# Ww1 Depollier Case Illinois First Dive Watch?



## river rat (Nov 14, 2008)

Just got this today I never known that Illinois made a military watch.





































The case is called a Depollier wire lug case.You twist the crown and it pop up and then you can change the time or wind it then you push down and twist and it lock's so water can't come into the case the first diver?It's has a Illinois 0/3 15 jewel movement.In sept 1919 the a depollier cased watch was used in a world record flight altitude to 34,610 feet.The water proof features of the depollier watch case protected the movement from any change in atmospheric pressure and from sudden drop in temperture to 44 degrees below zero.The serial no is 3333550 made in 1918 who knows could of been used in WW1 only thing missing is a 14K gold disk on the back would of protected the movement from your body heat from a old ad I read the disc would of had USA and a number on it proberly sold for the gold years ago.


----------



## Nalu (Nov 28, 2003)

The Depolliers aren't really dive watches, made more for survival in a harsh field environment.

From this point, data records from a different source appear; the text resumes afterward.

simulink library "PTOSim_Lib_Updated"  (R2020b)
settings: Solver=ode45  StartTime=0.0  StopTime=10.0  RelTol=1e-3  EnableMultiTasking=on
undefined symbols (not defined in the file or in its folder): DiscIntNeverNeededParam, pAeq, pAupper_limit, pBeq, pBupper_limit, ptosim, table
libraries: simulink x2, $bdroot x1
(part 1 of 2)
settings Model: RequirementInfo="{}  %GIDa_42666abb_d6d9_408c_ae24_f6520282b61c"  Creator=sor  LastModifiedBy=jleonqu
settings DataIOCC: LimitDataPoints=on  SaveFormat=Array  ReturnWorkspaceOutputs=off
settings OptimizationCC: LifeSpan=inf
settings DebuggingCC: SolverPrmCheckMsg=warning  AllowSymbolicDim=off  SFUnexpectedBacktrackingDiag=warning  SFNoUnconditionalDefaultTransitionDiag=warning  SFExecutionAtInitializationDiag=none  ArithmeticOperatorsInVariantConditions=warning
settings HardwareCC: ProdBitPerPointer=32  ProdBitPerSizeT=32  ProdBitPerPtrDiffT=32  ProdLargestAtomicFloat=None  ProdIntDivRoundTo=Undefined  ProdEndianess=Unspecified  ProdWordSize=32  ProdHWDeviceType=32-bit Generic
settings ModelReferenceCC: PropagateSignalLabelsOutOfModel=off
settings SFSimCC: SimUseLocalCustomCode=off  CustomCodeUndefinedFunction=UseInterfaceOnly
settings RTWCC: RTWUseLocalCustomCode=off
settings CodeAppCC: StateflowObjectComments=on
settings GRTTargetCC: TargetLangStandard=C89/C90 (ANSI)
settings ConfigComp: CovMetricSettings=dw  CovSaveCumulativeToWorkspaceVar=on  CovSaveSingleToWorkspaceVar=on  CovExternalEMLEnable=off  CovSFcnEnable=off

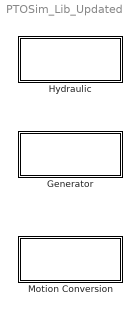
== system PTOSim_Lib_Updated ==
  Generator : Subsystem  RequirementInfo="{}  %GIDa_5439fdb4_7c29_433c_8677_23bf92e18f11"
  Hydraulic : Subsystem  RequirementInfo={} %GIDa_f12a42eb_b9cb_4818_b573_b7dee4183a3b
  Motion Conversion : Subsystem

== system PTOSim_Lib_Updated/Generator ==
  Direct Drive Linear Generator : Subsystem  mask{ptosim=ptosim.pmLinearGenerator(1)}
      mask prompts: ptosim "Machine Name:"
      mask init:
      | if exist ('ptosim','var')
      |     h = [gcb '/To Workspace'];
      |     responseName = ['pmLinearGenerator' num2str(ptosim.number) '_out'];
      |     set_param(h,'VariableName',responseName);
      |     if ischar(ptosim.Rs)==1 ...
      |        || ischar(ptosim.Bfric)==1 ...
      |        || ischar(ptosim.tau_p)==1 ...
      |        || ischar(ptosim.lambda_fd)==1 ...
      |        || ischar(ptosim.Ls)==1 ...
      |        || ischar(ptosim.theta_d_0)==1 ...
      |        || ischar(ptosim.lambda_sq_0)==1 ...
      |        || ischar(ptosim.lambda_sd_0)==1 ...
      |        || ischar(ptosim.Rload) ==1
      |           error('One of the linear generator variables is undefined. For example, ptosim.pmLinearGenerator.variableName')
      |     end       
      | end
      | clear h responseName
  Direct Drive Rotary Generator : Subsystem  RequirementInfo="{}  %GIDa_f3580181_3e4e_42ef_9271_bab532422270"  mask{ptosim=ptosim.pmRotaryGenerator(1)}
      mask prompts: ptosim "Machine Name:"
      mask init:
      | if exist ('ptosim','var')
      |     h = [gcb '/To Workspace'];
      |     responseName = ['pmRotaryGenerator' num2str(ptosim.number) '_out'];
      |     set_param(h,'VariableName',responseName);
      |     if ischar(ptosim.Rs)==1 ...
      |        || ischar(ptosim.Bfric)==1 ...
      |        || ischar(ptosim.tau_p)==1 ...
      |        || ischar(ptosim.lambda_fd)==1 ...
      |        || ischar(ptosim.Ls)==1 ...
      |        || ischar(ptosim.theta_d_0)==1 ...
      |        || ischar(ptosim.lambda_sq_0)==1 ...
      |        || ischar(ptosim.lambda_sd_0)==1 ...
      |        || ischar(ptosim.Rload) ==1 ...
      |        || ischar(ptosim.radius) ==1
      |           error('One of the rotary generator variables is undefined. For example, ptosim.pmRotaryGenerator.variableName')
      |     end       
      | end
      | clear h responseName
  Electric Machine : Subsystem  mask{ptosim=ptosim.ElectricMachine(1), InputFileText=Use PTO-Sim input file to define PTO parameters, Ra=0, La=0, motorConstant=0, ShaftDamping=0, ShaftInertia=0}
      mask prompts: ptosim "Electric Machine Name"; Ra "Armature Resistance [ohm]"; La "Armature Inductance [H]"; motorConstant "Back-emf or Torque constant [V/rpm]"; ShaftDamping "Rotor Damping [N s/m]"; ShaftInertia "Rotor Inertia [kg m^2]"
      settings: PortSchema="{\"entries\":[{\"content\":{\"sides\":[{\"content\":{\"connectorIds\":[\"In1\"]},\"type\":\"ConnectorPlacement.EquallySpacedRectSide\",\"uuid\":\"fc35219d-8831-407a-a01b-8e552e994bd8\"},{\"content\":{\"connectorIds\":[\"Out1\"],\"side\":\"RIGHT\"},\"type\":\"ConnectorPlacement.EquallySpacedRectSide\",\"uuid\":\"8bdf633d-a26b-46f8-9dec-a7b2f777a9d4\"},{\"content\":{\"connectorIds\":[\"In2\"],\"side\":\"TOP\"},\"type\":\"ConnectorPlacement.EquallySpacedRectSide\",\"uuid\":\"317bbc24-ba5c-483d-899e-a231712fee10\"},{\"content\":{\"connectorIds\":[],\"side\":\"HIDDEN\"},\"type\":\"ConnectorPlacement.EquallySpacedRectSide\",\"uuid\":\"59f80c0a-37ef-4cf9-9997-20953bf597e0\"}]},\"type\":\"ConnectorPlacement.EquallySpacedConnector\",\"uuid\":\"aa05d75c-446c-4a7d-9d6c-6346be5c0738\"}],\"packageUris\":[\"http://schema.mathworks.com/mf0/Connector/R2020b\"],\"version\":\"1.0\"}"
      mask DialogControl ParameterGroupVar Prompt: Custom Parameters
      mask DialogControl EMParameters Prompt: Electric Machine Parameters
      mask Display: image('ElectricMotor.png'); % Use "Edit Image" on toolstrip to change.
  Rotary Generator Lookup Table : Subsystem  mask{ptosim=ptosim.rotaryGenerator(1)}
      mask prompts: ptosim "Generator Name"
      mask init:
      | if exist ('ptosim','var')
      |    h = [gcb '/To Workspace'];
      |    responseName = ['rotaryGenerator' num2str(ptosim.number) '_out'];
      |    set_param(h,'VariableName',responseName);
      |    if ischar(ptosim.TgenBase)==1 ...
      |       || ischar(ptosim.omegaBase)==1 ...
      |       || ischar(ptosim.driveEff)==1 ...
      |       || ischar(ptosim.desiredSpeed)==1
      |          error('One of the rotary generator variables is undefined. For example, ptosim.rotaryGenerator.variableName')
      |    end
      | end
      | clear h responseName

== system PTOSim_Lib_Updated/Hydraulic ==
  Accumulator : Subsystem  mask(PTO-Sim Element){ptosim=ptosim.accumulator(1)}
      mask prompts: ptosim "Accumulator Name:"
      mask init:
      | if exist('ptosim','var')
      |     h = [gcb '/To Workspace'];
      |     responseName = ['accumulator' num2str(ptosim.number) '_out'];
      |     set_param(h,'VariableName',responseName);
      |     if ischar(ptosim.VI0)==1 ...
      |             || ischar(ptosim.pIrated)==1 ...
      |             || ischar(ptosim.pIupper_limit)==1 ...
      |             || ischar(ptosim.pIlower_limit)==1 ...
      |             || ischar(ptosim.pIprecharge)==1 ...
      |             || ischar(ptosim.VImax)==1 ...
      |             || ischar(ptosim.VImin)==1 ...
      |             || ischar(ptosim.VIeq)==1 ...
      |             || ischar(ptosim.pIeq)==1 ...
      |             error('One of the accumulator variables is undefined. For example, ptosim.accumulator.variableName')
      |     end
      | end
      | clear h responseName
  Compressible Fluid Piston : Subsystem  mask{ptosim=ptosim.pistonCF(1)}
      mask prompts: ptosim "Piston Name:"
      mask init:
      | if exist ('ptosim','var')
      |     h = [gcb '/To Workspace'];
      |     responseName = ['pistonCF' num2str(ptosim.number) '_out'];
      |     set_param(h,'VariableName',responseName);
      |     
      |     if ischar(ptosim.Ap)==1 ...
      |       || ischar(ptosim.Vo)==1 ...
      |       || ischar(ptosim.Beta_e)==1 ...
      |       || ischar(ptosim.pAi)==1 ...
      |       || ischar(ptosim.pBi)==1 
      |          error('One of the piston variables is undefined. For example, ptosim.pistonCF.variableName')    
      |     end
      | end
      | clear h responseName
  Compressible Fluid Piston Updated : Subsystem  mask{ptosim=ptosim.pistonCF(1), InputFileText=Use PTO-Sim input file to define PTO parameters, Ap_A=0, Ap_B=0, PistonStroke=0, BulkModulus=0, xi_piston=0, pAi=0, pBi=0}
      mask prompts: ptosim "Piston Name"; Ap_A "Piston area A [m]"; Ap_B "Piston area V [m]"; PistonStroke "Piston stroke [m]"; BulkModulus "Fluid Bulk Modulus [Pa]"; xi_piston "Piston initial displacement from A [m]"; pAi "Port A Initial pressure [Pa]"; pBi "Port B Initial pressure [Pa]"
      mask help:
      | PTO-Sim Compressible Fluid Piston
      |
      | This block simualtes a hydraulic cylinder using a compressible fluid model. The block inputs are Response and HydraulicInput. Response is the signal output of the block Rotational PTO Actuation Force. HydraulicInput is a two signal vector with the information of the flow rate for port A and port B of the cylinder. The output of the block is PistonOutput, which is a three signal vector with PressureA, PressureB, and ForcePTO.
      mask init: same as PTOSim_Lib_Updated/Hydraulic/Compressible Fluid Piston
      settings: PortSchema="{\"entries\":[{\"content\":{\"sides\":[{\"content\":{\"connectorIds\":[\"In1\"]},\"type\":\"ConnectorPlacement.EquallySpacedRectSide\",\"uuid\":\"c8df0997-125e-484b-91e1-8ba4eadd9153\"},{\"content\":{\"connectorIds\":[\"Out1\"],\"side\":\"RIGHT\"},\"type\":\"ConnectorPlacement.EquallySpacedRectSide\",\"uuid\":\"941eb644-8b58-45e1-b334-77edb1550c04\"},{\"content\":{\"connectorIds\":[\"In2\"],\"side\":\"TOP\"},\"type\":\"ConnectorPlacement.EquallySpacedRectSide\",\"uuid\":\"a73e5632-eedc-448d-9008-671742bb1d71\"},{\"content\":{\"connectorIds\":[],\"side\":\"HIDDEN\"},\"type\":\"ConnectorPlacement.EquallySpacedRectSide\",\"uuid\":\"aff918e7-82cf-4cd9-bf12-32a09e9272a3\"}]},\"type\":\"ConnectorPlacement.EquallySpacedConnector\",\"uuid\":\"3f3f511d-44ea-4688-8800-5cd126269ecd\"}],\"packageUris\":[\"http://schema.mathworks.com/mf0/Connector/R2020b\"],\"version\":\"1.0\"}"
      mask Help:
      | This block simualtes a hydraulic cylinder using a compressible fluid model. The block inputs are Response and HydraulicInput. Response is the signal output of the block Rotational PTO Actuation Force. HydraulicInput is a two signal vector with the information of the flow rate for port A and port B of the cylinder. The output of the block is PistonOutput, which is a three signal vector with PressureA, PressureB, and ForcePTO.
      | 
      | The outputs are calculated using the model presented in the following link: http://wec-sim.github.io/WEC-Sim/master/user/advanced_features.html#pto-sim
      mask DialogControl ParameterGroupVar Prompt: Custom Parameters
      mask DialogControl PistonProperties Prompt: Piston Properties
      mask DialogControl InitialConditions Prompt: Initial Conditions
      mask Display: image('DoubleActingPiston.png'); % Use "Edit Image" on toolstrip to change.
  Gas-Charged Hydraulic Accumulator : Subsystem  mask{ptosim=ptosim.accumulator(1), InputFileText=Use PTO-Sim input file to define PTO parameters, VI0=0, VIeq=0, pIprecharge=0}
      mask prompts: ptosim "Accumulator Name"; VI0 "Total Volume [m^3]"; VIeq "Initial Volume [m^3]"; pIprecharge "Precharge [Pa]"
      mask DialogControl ParameterGroupVar Prompt: Custom Parameters
      mask DialogControl AccProperties Prompt: Accumulator Properties
      mask Display: image('GasAccumulator.png'); % Use "Edit Image" on toolstrip to change.
  "Hydraulic Motor " : Subsystem  mask{ptosim=ptosim.hydraulicMotor(1)}
      mask prompts: ptosim "Motor Name:"
      mask init:
      | if exist ('ptosim','var')
      |     h = [gcb '/To Workspace'];
      |     responseName = ['hydraulicMotor' num2str(ptosim.number) '_out'];
      |     set_param(h,'VariableName',responseName);
      |     if ischar(ptosim.angVelInit)==1 ...
      |        || ischar(ptosim.J)==1 ...
      |        || ischar(ptosim.fric)==1 ...
      |           error('One of the motor variables is undefined. For example, ptosim.hydraulicMotor.variableName')
      |     end       
      | end
      | clear h responseName
  Noncompressible Fluid Piston : Subsystem  mask{ptosim=ptosim.pistonNCF(1)}
      mask prompts: ptosim "Piston Name:"
      mask init:
      | if exist ('ptosim','var')
      |     h = [gcb '/To Workspace'];
      |     responseName = ['pistonNCF' num2str(ptosim.number) '_out'];
      |     set_param(h,'VariableName',responseName);
      |     if ischar(ptosim.topA)==1 ...
      |       || ischar(ptosim.botA)==1
      |          error('One of the piston variables is undefined. For example, ptosim.pistonNCF.variableName')
      |     end
      | end
      | clear h responseName
  Rectifying Check Valve : Subsystem  mask{ptosim=ptosim.checkValve(1)}
      mask prompts: ptosim "Valve Name:"
      mask init:
      | if exist ('ptosim','var')
      |     h = [gcb '/To Workspace'];
      |     responseName = ['checkValve' num2str(ptosim.number) '_out'];
      |     set_param(h,'VariableName',responseName);
      |     
      |     if ischar(ptosim.Cd)==1 ...
      |        || ischar(ptosim.Amax)==1 ...
      |        || ischar(ptosim.Amin)==1 ...
      |        || ischar(ptosim.pMax)==1 ...
      |        || ischar(ptosim.pMin)==1 ...
      |        || ischar(ptosim.rho)==1 ...
      |        || ischar(ptosim.k1)==1 ...
      |        || ischar(ptosim.k2)==1 
      |           error('One of valve variables is undefined. For exmaple, ptosim.checkValve.variableName')
      |     end
      | end
      | clear h responseName
  Rectifying Valve : Subsystem  mask{ptosim=ptosim.valve(1)}
      mask prompts: ptosim "Valve Name:"
      mask init:
      | if exist ('ptosim','var')
      |     h = [gcb '/To Workspace'];
      |     responseName = ['valve' num2str(ptosim.number) '_out'];
      |     set_param(h,'VariableName',responseName);
      | end
      | clear h responseName

== system PTOSim_Lib_Updated/Motion Conversion ==
  Rotary to Linear Adjustable Rod : Subsystem  mask{ptosim=ptosim.motionMechanism(1)}
      mask prompts: ptosim "Telescope Name:"
      mask init:
      | if exist('ptosim','var')
      |     h = [gcb '/To Workspace'];
      |     responseName = ['motionMechanism' num2str(ptosim.number) '_out'];
      |     set_param(h,'VariableName',responseName);
      |     if ischar(ptosim.crank)==1 ...
      |             || ischar(ptosim.rodInit)==1 ...
      |             || ischar(ptosim.offset)==1 ...
      |             error('One of the rotary to linear adjustable rod variables is undefined. For example, ptosim.motionMechanism.variableName')
      |     end
      | end
      | clear h responseName
  Rotary to Linear Crank : Subsystem  mask{ptosim=ptosim.motionMechanism(1)}
      mask prompts: ptosim "Crank Name:"
      mask init:
      | if exist('ptosim','var')
      |     h = [gcb '/To Workspace'];
      |     responseName = ['motionMechanism' num2str(ptosim.number) '_out'];
      |     set_param(h,'VariableName',responseName);
      |     if ischar(ptosim.crank)==1 ...
      |             || ischar(ptosim.rodLength)==1 ...
      |             || ischar(ptosim.offset)==1 ...
      |             error('One of the rotary to linear crank variables is undefined. For example, ptosim.motionMechanism.variableName')
      |     end
      | end
      | clear h responseName

== system PTOSim_Lib_Updated/Generator/Direct Drive Linear Generator ==
  note: In this model d-axis aligned with rotor magnets
      | in other words lambda_fq = 0
  note: Ls = 3/2*Lsinglephase
  vel : Inport
  ABC2DQ1 : Subsystem
  ABC2DQ2 : Subsystem
  Bus Creator : BusCreator  Inputs=11
  Demux : Demux  Outputs=3
  Demux1 : Demux  Outputs=3
  Gain4 : Gain  Gain=-1
  Gain5 : Gain  Gain=2*pi/(2*ptosim.tau_p)
  Integrator2 : Integrator  InitialCondition=ptosim.theta_d_0
  Load : Subsystem
  Losses : Subsystem
  Product1 : Product
  Subsystem : Subsystem
  Sum : Sum
  Terminator3 : Terminator
  To Workspace : ToWorkspace  VariableName=pmLinearGenerator1_out  SaveFormat=Structure With Time  SampleTime=-1
      settings: Decimation=round(simu.dtOut/simu.dt,0)
  force : Outport
  wires:
  ABC2DQ2/1(DQ) -> Subsystem/1(vsdq)  "vsdq"
  ABC2DQ1/1(abc) -> Demux/1, Load/1(Iabc)  "Iabc"
  Gain5/1 -> Subsystem/2(wd), Integrator2/1  "wsyn"
  Integrator2/1 -> ABC2DQ2/1(theta_d), ABC2DQ1/1(theta_d)
  Product1/1 -> Gain4/1
  Gain4/1 -> Bus Creator/1, Terminator3/1  "absPower"
  Subsystem/1(Fem) -> Sum/2
  Subsystem/2(isdq) -> ABC2DQ1/2(dq)
  Losses/1(friceForce) -> Bus Creator/3, Sum/1  "fricForce"
  Sum/1 -> Bus Creator/2, Product1/2, force/1  "force"
  Load/1(Vabc) -> Demux1/1, ABC2DQ2/2(ABC)  "Vabc"
  vel/1 -> Bus Creator/10, Losses/1(vel), Product1/1, Gain5/1  "vel"
  Bus Creator/1 -> To Workspace/1
  Demux/1 -> Bus Creator/4  "Ia"
  Demux/2 -> Bus Creator/5  "Ib"
  Demux/3 -> Bus Creator/6  "Ic"
  Demux1/1 -> Bus Creator/7  "Va"
  Demux1/2 -> Bus Creator/8  "Vb"
  Demux1/3 -> Bus Creator/9  "Vc"
  Load/2(elecPower) -> Bus Creator/11  "elecPower"

== system PTOSim_Lib_Updated/Generator/Direct Drive Rotary Generator ==
  note: In this model d-axis aligned with rotor magnets
      | in other words lambda_fq = 0
  note: Ls = 3/2*Lsinglephase
  vel : Inport
  ABC2DQ1 : Subsystem
  ABC2DQ2 : Subsystem
  Bus Creator : BusCreator  Inputs=11
  Demux : Demux  Outputs=3
  Demux1 : Demux  Outputs=3
  Gain4 : Gain  Gain=-1
  Gain5 : Gain  Gain=2*pi*ptosim.radius/(2*ptosim.tau_p)
  Integrator2 : Integrator  InitialCondition=ptosim.theta_d_0
  Load : Subsystem
  Losses : Subsystem
  Product1 : Product
  Subsystem : Subsystem
  Sum : Sum
  Terminator3 : Terminator
  To Workspace : ToWorkspace  VariableName=pmRotaryGenerator1_out  SaveFormat=Structure With Time  SampleTime=-1
      settings: Decimation=round(simu.dtOut/simu.dt,0)
  torque : Outport
  wires:
  ABC2DQ2/1(DQ) -> Subsystem/1(vsdq)  "vsdq"
  ABC2DQ1/1(abc) -> Demux/1, Load/1(Iabc)  "Iabc"
  Gain5/1 -> Integrator2/1, Subsystem/2(wd)  "wsyn"
  Integrator2/1 -> ABC2DQ2/1(theta_d), ABC2DQ1/1(theta_d)
  Product1/1 -> Gain4/1
  Gain4/1 -> Bus Creator/1, Terminator3/1  "absPower"
  Subsystem/1(Tem) -> Sum/2
  Subsystem/2(isdq) -> ABC2DQ1/2(dq)
  Losses/1(fricTorque) -> Bus Creator/3, Sum/1  "fricTorque"
  Sum/1 -> Bus Creator/2, Product1/2, torque/1  "torque"
  Load/1(Vabc) -> Demux1/1, ABC2DQ2/2(ABC)  "Vabc"
  vel/1 -> Losses/1(vel), Product1/1, Gain5/1, Bus Creator/10  "vel"
  Bus Creator/1 -> To Workspace/1
  Demux/1 -> Bus Creator/4  "Ia"
  Demux/2 -> Bus Creator/5  "Ib"
  Demux/3 -> Bus Creator/6  "Ic"
  Demux1/1 -> Bus Creator/7  "Va"
  Demux1/2 -> Bus Creator/8  "Vb"
  Demux1/3 -> Bus Creator/9  "Vc"
  Load/2(elecPower) -> Bus Creator/11  "elecPower"

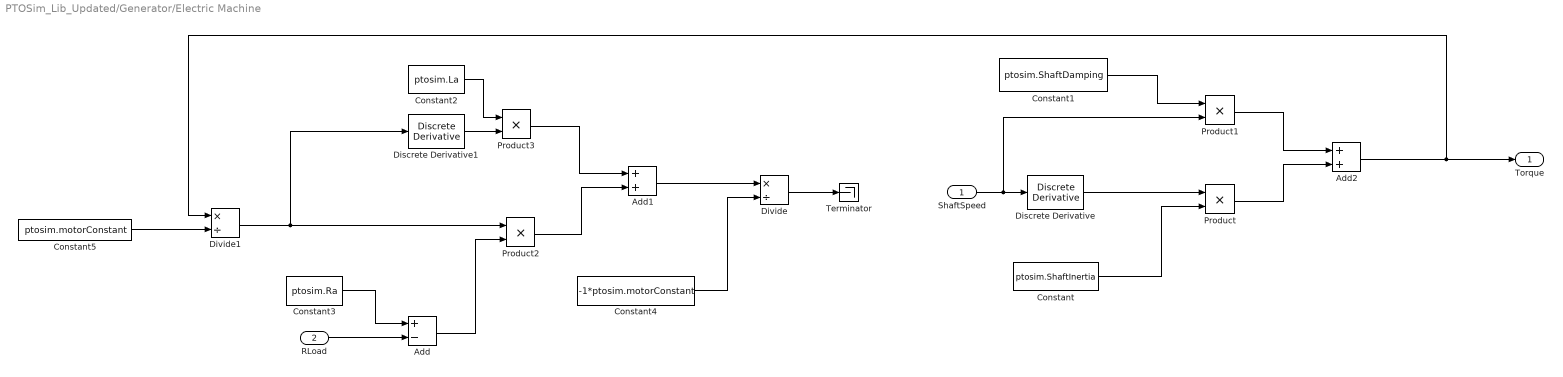
== system PTOSim_Lib_Updated/Generator/Electric Machine ==
  ShaftSpeed : Inport
  RLoad : Inport  Port=2
  Add : Sum  Inputs=+-
  Add1 : Sum
  Add2 : Sum
  Constant : Constant  Value=ptosim.ShaftInertia
  Constant1 : Constant  Value=ptosim.ShaftDamping
  Constant2 : Constant  Value=ptosim.La
  Constant3 : Constant  Value=ptosim.Ra
  Constant4 : Constant  Value=-1*ptosim.motorConstant
  Constant5 : Constant  Value=ptosim.motorConstant
  Discrete Derivative : simulink/Discrete/Discrete Derivative  gainval=1.0  ICPrevScaledInput=0.0  OutMin=[]  OutMax=[]  OutDataType=fixdt(1, 16)  OutScaling=2^-10  DoSatur=off
  Discrete Derivative1 : simulink/Quick Insert/Discrete/Discrete Derivative  gainval=1.0  ICPrevScaledInput=0.0  OutMin=[]  OutMax=[]  OutDataType=fixdt(1, 16)  OutScaling=2^-10  DoSatur=off
      settings: SourceProductBaseCode=SL
  Divide : Product  Inputs=*/
  Divide1 : Product  Inputs=*/
  Product{,1..3} (4 alike) : Product
  Terminator : Terminator
  Torque : Outport
  wires:
  Discrete Derivative/1 -> Product/1
  Constant/1 -> Product/2
  Constant1/1 -> Product1/1
  Divide1/1 -> Discrete Derivative1/1, Product2/1
  RLoad/1 -> Add/2
  Constant3/1 -> Add/1
  Add/1 -> Product2/2
  Discrete Derivative1/1 -> Product3/2
  Constant2/1 -> Product3/1
  Product3/1 -> Add1/1
  Product2/1 -> Add1/2
  Add1/1 -> Divide/1
  Constant4/1 -> Divide/2
  Product1/1 -> Add2/1
  Product/1 -> Add2/2
  Add2/1 -> Divide1/1, Torque/1
  ShaftSpeed/1 -> Product1/2, Discrete Derivative/1
  Constant5/1 -> Divide1/2
  Divide/1 -> Terminator/1

== system PTOSim_Lib_Updated/Generator/Rotary Generator Lookup Table ==
  delPress : Inport
  motorVol : Inport  Port=2
  angVel : Inport  Port=3
  Base Motor Torque : Gain  Gain=-1/ptosim.TgenBase
  Base Motor Torque1 : Gain  Gain=1/ptosim.omegaBase
  Base Motor Torque2 : Gain  Gain=ptosim.driveEff
  Base Motor Torque3 : Gain  Gain=1/100
  Base Motor Torque4 : Gain  Gain=1.05
  Bus Creator : BusCreator  Inputs=2
  Constant47 : Constant  Value=ptosim.desiredSpeed
  Divide1 : Product  Inputs=*/
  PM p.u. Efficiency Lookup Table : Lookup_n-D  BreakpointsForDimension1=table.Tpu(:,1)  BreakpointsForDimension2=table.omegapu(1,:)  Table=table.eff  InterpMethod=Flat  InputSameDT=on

Generally, the first true diver's watch is considered to be this Longines:


----------



## river rat (Nov 14, 2008)

Here are some cool advertisements.



















I know it was not rated to go very deep but they did test it in the water from the advertisements.


----------



## ditchdiger (Jun 23, 2007)

i like

interesting thread all round


----------



## zx10r (Apr 10, 2009)

Wow very interesting. I bet they have some stories behind them


----------



## James (Jul 17, 2006)

Nice piece

First screw down crowns with gasket appeared in American pocket watches from the 1800's

Here is an interesting double cased piece though, really the top of the military and or transitional pieces in my mind

http://www.thewatchforum.co.uk/index.php?s...6&hl=double


----------



## river rat (Nov 14, 2008)

James said:


> Nice piece
> 
> First screw down crowns with gasket appeared in American pocket watches from the 1800's
> 
> ...


Thanks James that is one nice Zenith with a double case.Here is how the Depollier case works.










This is the closed position










This is the open position when you twist the crown it is spring loaded so it pop's open you can then wind it then pull one more time then you can change the time.


----------